_DATA FOR ANALYSIS_
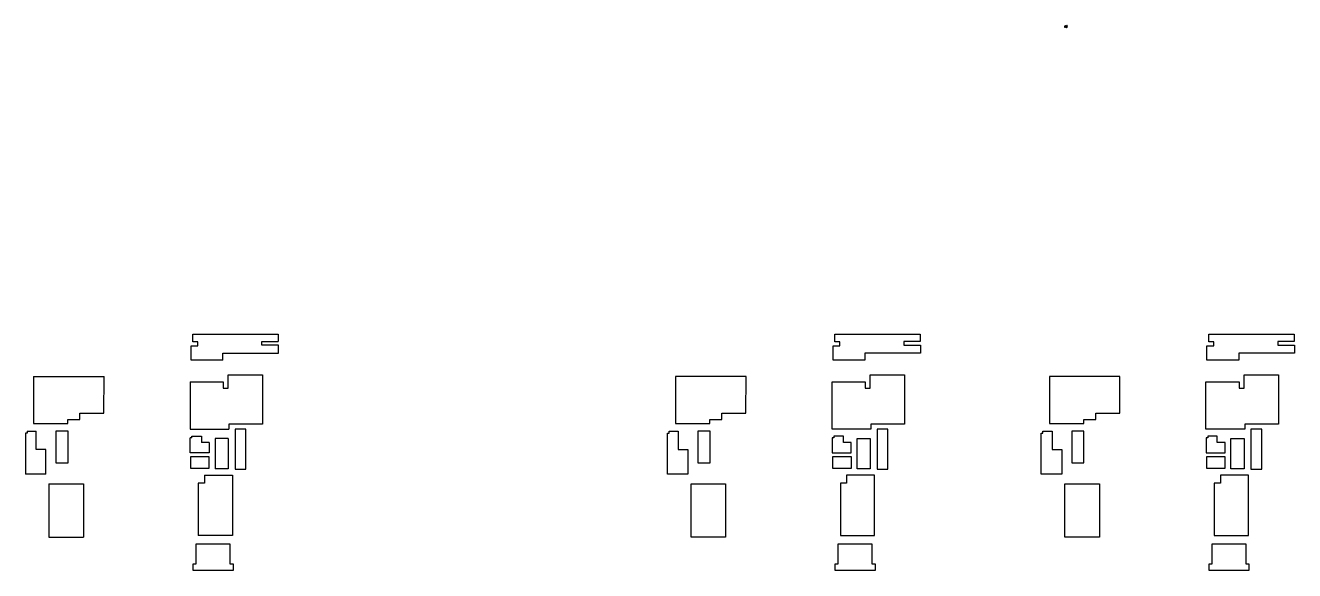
# Model space of a CAD drawing. Header units: millimetres. Extents: x -3291 to 6892, y 500 to 4875.
import ezdxf

# ---------------------------------------------------------------- set-up
doc = ezdxf.new("R2010")
doc.units = ezdxf.units.MM

msp = doc.modelspace()

# ---------------------------------------------------------------- linework, layer by layer
for p, q in [((-1947, 2336), (-1947, 2398)), ((-1947, 2398), (-1262, 2398)), ((-1262, 2398), (-1262, 2338)), ((-1962, 2189), (-1962, 2304)), ((-1962, 2304), (-1907, 2304)), ((-1907, 2336), (-1947, 2336)), ((-1907, 2304), (-1907, 2336)), ((-1707, 2189), (-1707, 2246)), ((-1707, 2246), (-1259, 2246)), ((-1393, 2310), (-1393, 2338)), ((-1393, 2338), (-1262, 2338)), ((-1259, 2310), (-1393, 2310)), ((-1259, 2246), (-1259, 2310)), ((-1707, 2189), (-1962, 2189)), ((-3226, 2057), (-3098, 2057)), ((-3226, 2057), (-3226, 1682)), ((-3098, 2057), (-2800, 2057)), ((-2800, 2057), (-2660, 2057)), ((-2661, 1764), (-2660, 2057)), ((-1664, 1963), (-1664, 2072)), ((-1664, 2072), (-1389, 2072)), ((-1389, 2072), (-1389, 1675)), ((-1970, 2015), (-1970, 1634)), ((-1970, 2015), (-1704, 2015)), ((-1704, 2015), (-1704, 1963)), ((-1704, 1963), (-1664, 1963)), ((-2853, 1712), (-2853, 1764)), ((-2853, 1764), (-2661, 1764)), ((-3226, 1682), (-2951, 1682)), ((-2951, 1682), (-2951, 1712)), ((-2951, 1712), (-2853, 1712)), ((-1970, 1634), (-1800, 1634)), ((-1800, 1634), (-1659, 1634)), ((-1579, 1675), (-1659, 1675)), ((-1659, 1675), (-1659, 1634)), ((-1521, 1635), (-1609, 1635)), ((-1609, 1635), (-1609, 1315)), ((-1389, 1675), (-1579, 1675)), ((-1521, 1315), (-1521, 1635)), ((-3291, 1602), (-3291, 1273)), ((-3278, 1602), (-3291, 1602)), ((-3278, 1620), (-3278, 1602)), ((-3278, 1620), (-3205, 1620)), ((-3205, 1472), (-3205, 1620)), ((-2949, 1620), (-3046, 1620)), ((-3046, 1620), (-3046, 1365)), ((-2949, 1365), (-2949, 1620)), ((-1968, 1445), (-1968, 1565)), ((-1955, 1565), (-1968, 1565)), ((-1955, 1565), (-1955, 1580)), ((-1955, 1580), (-1953, 1580)), ((-1953, 1580), (-1879, 1580)), ((-1879, 1580), (-1879, 1528)), ((-1817, 1528), (-1879, 1528)), ((-1817, 1528), (-1817, 1445)), ((-1663, 1561), (-1769, 1561)), ((-1769, 1561), (-1769, 1316)), ((-1663, 1561), (-1663, 1316)), ((-3127, 1472), (-3205, 1472)), ((-3127, 1273), (-3127, 1472)), ((-1817, 1445), (-1968, 1445)), ((-3046, 1365), (-2949, 1365)), ((-1816, 1413), (-1967, 1413)), ((-1967, 1413), (-1967, 1323)), ((-1816, 1323), (-1816, 1413)), ((-3127, 1273), (-3291, 1273)), ((-1967, 1323), (-1816, 1323)), ((-1855, 1267), (-1855, 1203)), ((-1855, 1267), (-1629, 1267)), ((-1663, 1316), (-1769, 1316)), ((-1629, 1267), (-1629, 782)), ((-1609, 1315), (-1521, 1315)), ((-3102, 1197), (-3102, 770)), ((-3102, 1197), (-2825, 1197)), ((-2825, 1197), (-2825, 770)), ((-1855, 1203), (-1904, 1203)), ((-1904, 1203), (-1904, 782)), ((-3102, 770), (-2825, 770)), ((-1920, 715), (-1650, 715)), ((-1920, 556), (-1920, 715)), ((-1629, 782), (-1904, 782)), ((-1650, 715), (-1650, 556)), ((-1945, 500), (-1945, 556)), ((-1945, 556), (-1920, 556)), ((-1650, 556), (-1625, 556)), ((-1625, 556), (-1625, 500)), ((-1625, 500), (-1945, 500))]:
    msp.add_line(p, q)
for points in [[(5048, 4872), (5048, 4868), (5051, 4868), (5051, 4868), (5052, 4868), (5052, 4869), (5054, 4869), (5054, 4872), (5053, 4872), (5050, 4872)], [(5048, 4867), (5048, 4867), (5048, 4868), (5049, 4868), (5049, 4866), (5049, 4866), (5049, 4864), (5048, 4864)], [(5050, 4868), (5050, 4865), (5051, 4865), (5051, 4868)], [(5050, 4863), (5052, 4863), (5052, 4859), (5050, 4859)], [(5061, 4873), (5061, 4874), (5062, 4874), (5062, 4875), (5061, 4875), (5061, 4875), (5068, 4875), (5068, 4875), (5067, 4875), (5067, 4874), (5068, 4874), (5068, 4874), (5064, 4874), (5064, 4873)], [(5065, 4868), (5064, 4868), (5064, 4868), (5063, 4868), (5061, 4868), (5061, 4871), (5064, 4871), (5064, 4871), (5064, 4871), (5064, 4872), (5067, 4872), (5067, 4868)], [(5061, 4867), (5061, 4867), (5061, 4866), (5062, 4866), (5062, 4867), (5062, 4867), (5062, 4867), (5061, 4867), (5061, 4867)], [(5062, 4865), (5061, 4865), (5061, 4865), (5062, 4865)], [(5064, 4859), (5064, 4857), (5064, 4857), (5064, 4856), (5061, 4856), (5061, 4857), (5061, 4857), (5061, 4859)], [(5062, 4863), (5062, 4863), (5062, 4859), (5064, 4859), (5064, 4864), (5062, 4864)], [(5064, 4867), (5064, 4865), (5063, 4865), (5063, 4867)], [(5065, 4864), (5065, 4868), (5065, 4868), (5065, 4864)], [(3189, 2189), (3189, 2304), (3244, 2304), (3244, 2336), (3204, 2336), (3204, 2398), (3889, 2398), (3889, 2338), (3758, 2338), (3758, 2310), (3892, 2310), (3892, 2246), (3444, 2246), (3444, 2189)], [(6189, 2189), (6189, 2304), (6244, 2304), (6244, 2336), (6204, 2336), (6204, 2398), (6889, 2398), (6889, 2338), (6758, 2338), (6758, 2310), (6892, 2310), (6892, 2246), (6444, 2246), (6444, 2189)], [(1925, 2057), (1925, 1682), (2200, 1682), (2200, 1712), (2298, 1712), (2298, 1764), (2490, 1764), (2491, 2057), (2351, 2057), (2053, 2057)], [(3572, 1675), (3492, 1675), (3492, 1634), (3351, 1634), (3181, 1634), (3181, 2015), (3447, 2015), (3447, 1963), (3487, 1963), (3487, 2072), (3762, 2072), (3762, 1675)], [(4925, 2057), (4925, 1682), (5200, 1682), (5200, 1712), (5298, 1712), (5298, 1764), (5490, 1764), (5491, 2057), (5351, 2057), (5053, 2057)], [(6572, 1675), (6492, 1675), (6492, 1634), (6351, 1634), (6181, 1634), (6181, 2015), (6447, 2015), (6447, 1963), (6487, 1963), (6487, 2072), (6762, 2072), (6762, 1675)], [(3630, 1315), (3630, 1635), (3542, 1635), (3542, 1315)], [(6630, 1315), (6630, 1635), (6542, 1635), (6542, 1315)], [(1860, 1602), (1873, 1602), (1873, 1620), (1946, 1620), (1946, 1472), (2024, 1472), (2024, 1273), (1860, 1273)], [(2105, 1620), (2105, 1365), (2202, 1365), (2202, 1620)], [(3196, 1565), (3183, 1565), (3183, 1445), (3334, 1445), (3334, 1528), (3272, 1528), (3272, 1580), (3198, 1580), (3196, 1580)], [(3488, 1561), (3488, 1316), (3382, 1316), (3382, 1561)], [(4860, 1602), (4873, 1602), (4873, 1620), (4946, 1620), (4946, 1472), (5024, 1472), (5024, 1273), (4860, 1273)], [(5105, 1620), (5105, 1365), (5202, 1365), (5202, 1620)], [(6196, 1565), (6183, 1565), (6183, 1445), (6334, 1445), (6334, 1528), (6272, 1528), (6272, 1580), (6198, 1580), (6196, 1580)], [(6488, 1561), (6488, 1316), (6382, 1316), (6382, 1561)], [(3336, 1413), (3185, 1413), (3185, 1323), (3336, 1323)], [(6336, 1413), (6185, 1413), (6185, 1323), (6336, 1323)], [(3297, 1203), (3248, 1203), (3248, 782), (3523, 782), (3523, 1267), (3297, 1267)], [(6297, 1203), (6248, 1203), (6248, 782), (6523, 782), (6523, 1267), (6297, 1267)], [(2050, 1197), (2327, 1197), (2327, 770), (2050, 770)], [(5050, 1197), (5327, 1197), (5327, 770), (5050, 770)], [(3501, 715), (3501, 556), (3526, 556), (3526, 500), (3206, 500), (3206, 556), (3231, 556), (3231, 715)], [(6501, 715), (6501, 556), (6526, 556), (6526, 500), (6206, 500), (6206, 556), (6231, 556), (6231, 715)]]:
    msp.add_lwpolyline(points, close=True)

doc.saveas('drawing.dxf')

_TASK_
Everything from the first line of the entries through the line that contains "layer by layer" is to be reproduced exactly, except the pictures.

_YOUR SOLUTION_
# Model space of a CAD drawing. Header units: millimetres. Extents: x -3291 to 6892, y 500 to 4875.
import ezdxf

# ---------------------------------------------------------------- set-up
doc = ezdxf.new("R2010")
doc.units = ezdxf.units.MM

msp = doc.modelspace()

# ---------------------------------------------------------------- linework, layer by layer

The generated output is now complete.